[Forensics] oBfsC4t10n2

Really sorry for any confusion, all. The original challenge was broken a bit, in that you could upload it to sites like any.run or hybridanalysis and the flag would just show up on the page. It was patched earlier this week, and a new version with a new flag is available for download. I’m really sorry to anyone who worked hard and got the old flag. The good news is, the patched document is not that different, so you shouldn’t have too much issue solving again if you went the intended path.

Sorry again for the trouble, and hope everyone enjoys!

@0xdf said:

Sorry again for the trouble, and hope everyone enjoys!

It shouldn’t be too much trouble, as far as I can see you can get the flag pretty much the same way. Nice work reacting to the issue so quickly though.

Type your comment> @0xdf said:

Really sorry for any confusion, all. The original challenge was broken a bit, in that you could upload it to sites like any.run or hybridanalysis and the flag would just show up on the page. It was patched earlier this week, and a new version with a new flag is available for download. I’m really sorry to anyone who worked hard and got the old flag. The good news is, the patched document is not that different, so you shouldn’t have too much issue solving again if you went the intended path.

Sorry again for the trouble, and hope everyone enjoys!

Hey I just downloaded the file today and tried to solve it. I am also still getting the “old” flag. If I google that flag i see a lot of results in any.run. sooo I got the feeling, that the flag is new, but the file on the HTB-Servers are still the old ones. Anyone having the same issue?

@0xdf ,
Thank you for an amazing challenge!

Hi everyone… I am new here with very little experience, tried out 0xdf forensic challenge now i have been stuck & going in circle for like 3 days now… didnt switch off my pc to avoid loosing progress any pointers help or assistance to get through this please…

Woah! The hints helped a lot! Thanks @0xdf for the enticing challenge! Hints by @limbernie and @GlenRunciter were on point, ■■■■. Big woah for me!

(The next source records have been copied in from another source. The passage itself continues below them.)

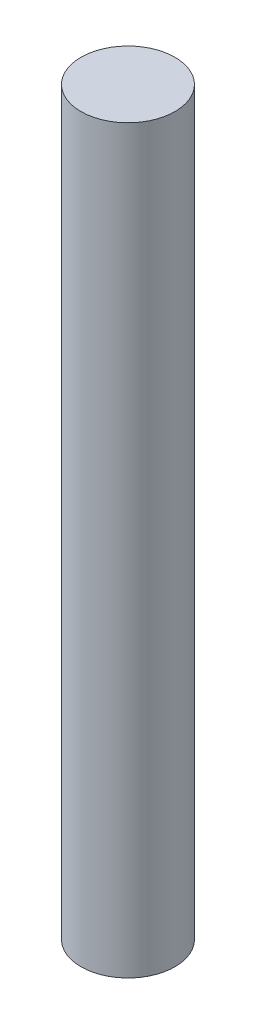
ISO-10303-21;
HEADER;
FILE_DESCRIPTION(('STEP AP214'),'2;1');
FILE_NAME('part.step','',(''),(''),'','','');
FILE_SCHEMA(('AUTOMOTIVE_DESIGN { 1 0 10303 214 1 1 1 1 }'));
ENDSEC;
DATA;
#1=APPLICATION_CONTEXT('core data for automotive mechanical design processes');
#2=APPLICATION_PROTOCOL_DEFINITION('international standard','automotive_design',2000,#1);
#3=PRODUCT_CONTEXT('',#1,'mechanical');
#4=PRODUCT('Part','Part','',(#3));
#5=PRODUCT_RELATED_PRODUCT_CATEGORY('part','',(#4));
#6=PRODUCT_DEFINITION_FORMATION('','',#4);
#7=PRODUCT_DEFINITION_CONTEXT('part definition',#1,'design');
#8=PRODUCT_DEFINITION('design','',#6,#7);
#9=PRODUCT_DEFINITION_SHAPE('','',#8);
#10=(LENGTH_UNIT() NAMED_UNIT(*) SI_UNIT(.MILLI.,.METRE.));
#11=(NAMED_UNIT(*) PLANE_ANGLE_UNIT() SI_UNIT($,.RADIAN.));
#12=(NAMED_UNIT(*) SI_UNIT($,.STERADIAN.) SOLID_ANGLE_UNIT());
#13=UNCERTAINTY_MEASURE_WITH_UNIT(LENGTH_MEASURE(1.E-05),#10,'distance_accuracy_value','');
#14=(GEOMETRIC_REPRESENTATION_CONTEXT(3) GLOBAL_UNCERTAINTY_ASSIGNED_CONTEXT((#13)) GLOBAL_UNIT_ASSIGNED_CONTEXT((#10,
#11,#12)) REPRESENTATION_CONTEXT('',''));
#15=CARTESIAN_POINT('',(0.,0.,0.));
#16=DIRECTION('',(0.,0.,1.));
#17=DIRECTION('',(1.,0.,0.));
#18=AXIS2_PLACEMENT_3D('',#15,#16,#17);
#19=CARTESIAN_POINT('',(0.,50.,0.));
#20=DIRECTION('',(0.,-1.,0.));
#21=DIRECTION('',(0.,0.,-1.));
#22=AXIS2_PLACEMENT_3D('',#19,#20,#21);
#23=CYLINDRICAL_SURFACE('',#22,3.175);
#24=CARTESIAN_POINT('',(0.,50.,0.));
#25=DIRECTION('',(0.,1.,0.));
#26=DIRECTION('',(0.,0.,1.));
#27=AXIS2_PLACEMENT_3D('',#24,#25,#26);
#28=CIRCLE('',#27,3.175);
#29=CARTESIAN_POINT('',(0.,50.,3.175));
#30=VERTEX_POINT('',#29);
#31=EDGE_CURVE('E10',#30,#30,#28,.T.);
#32=ORIENTED_EDGE('',*,*,#31,.F.);
#33=EDGE_LOOP('',(#32));
#34=FACE_BOUND('',#33,.T.);
#35=CARTESIAN_POINT('',(0.,0.,0.));
#36=DIRECTION('',(0.,1.,0.));
#37=DIRECTION('',(0.,0.,1.));
#38=AXIS2_PLACEMENT_3D('',#35,#36,#37);
#39=CIRCLE('',#38,3.175);
#40=CARTESIAN_POINT('',(0.,0.,3.175));
#41=VERTEX_POINT('',#40);
#42=EDGE_CURVE('E42',#41,#41,#39,.T.);
#43=ORIENTED_EDGE('',*,*,#42,.T.);
#44=EDGE_LOOP('',(#43));
#45=FACE_BOUND('',#44,.T.);
#46=ADVANCED_FACE('F39',(#34,#45),#23,.T.);
#47=CARTESIAN_POINT('',(0.,50.,0.));
#48=DIRECTION('',(0.,1.,0.));
#49=DIRECTION('',(0.,0.,1.));
#50=AXIS2_PLACEMENT_3D('',#47,#48,#49);
#51=PLANE('',#50);
#52=ORIENTED_EDGE('',*,*,#31,.T.);
#53=EDGE_LOOP('',(#52));
#54=FACE_BOUND('',#53,.T.);
#55=ADVANCED_FACE('F54',(#54),#51,.T.);
#56=CARTESIAN_POINT('',(0.,0.,0.));
#57=DIRECTION('',(0.,1.,0.));
#58=DIRECTION('',(0.,0.,1.));
#59=AXIS2_PLACEMENT_3D('',#56,#57,#58);
#60=PLANE('',#59);
#61=ORIENTED_EDGE('',*,*,#42,.F.);
#62=EDGE_LOOP('',(#61));
#63=FACE_BOUND('',#62,.T.);
#64=ADVANCED_FACE('F52',(#63),#60,.F.);
#65=CLOSED_SHELL('',(#46,#55,#64));
#66=MANIFOLD_SOLID_BREP('B2',#65);
#67=ADVANCED_BREP_SHAPE_REPRESENTATION('',(#18,#66),#14);
#68=SHAPE_DEFINITION_REPRESENTATION(#9,#67);
ENDSEC;
END-ISO-10303-21;

I’m lost…I extracted zlib file from the photo but have no idea what I’m supposed to do with that, or with the spreadsheet… I read the hints in this post, but I’m not making much sense of it all being new to this. Any help?

found fake flag

The flag I found didn’t work, either. Even downloaded the zip a couple more times. Will take another look and see if I found it via an unintended route where they old flag may have been left over, but should all be functional here now with the current zip file hosted at HTB?

Hi again i managed to get the flag 7 days back, i still got a long way to go, the back n forth struggle helped me pick up on new stuff i never knew of, persistence and great content and tools from Didier Stevens and DissectMalware helped me successfully decode & deobfuscated the malicious MS Excel file.

Type your comment> @chm0dx said:

The flag I found didn’t work, either. Even downloaded the zip a couple more times. Will take another look and see if I found it via an unintended route where they old flag may have been left over, but should all be functional here now with the current zip file hosted at HTB?

I believe I’m also getting the ‘old’ flag as of today after working with the file from a few days ago and re-downloading today.

Found by using a mix of guessing and automated tools.
Thanks to @joeblogg801 that gave me a more detailed explanation about the chall.

Thanks for the challenge @0xdf, interesting vector.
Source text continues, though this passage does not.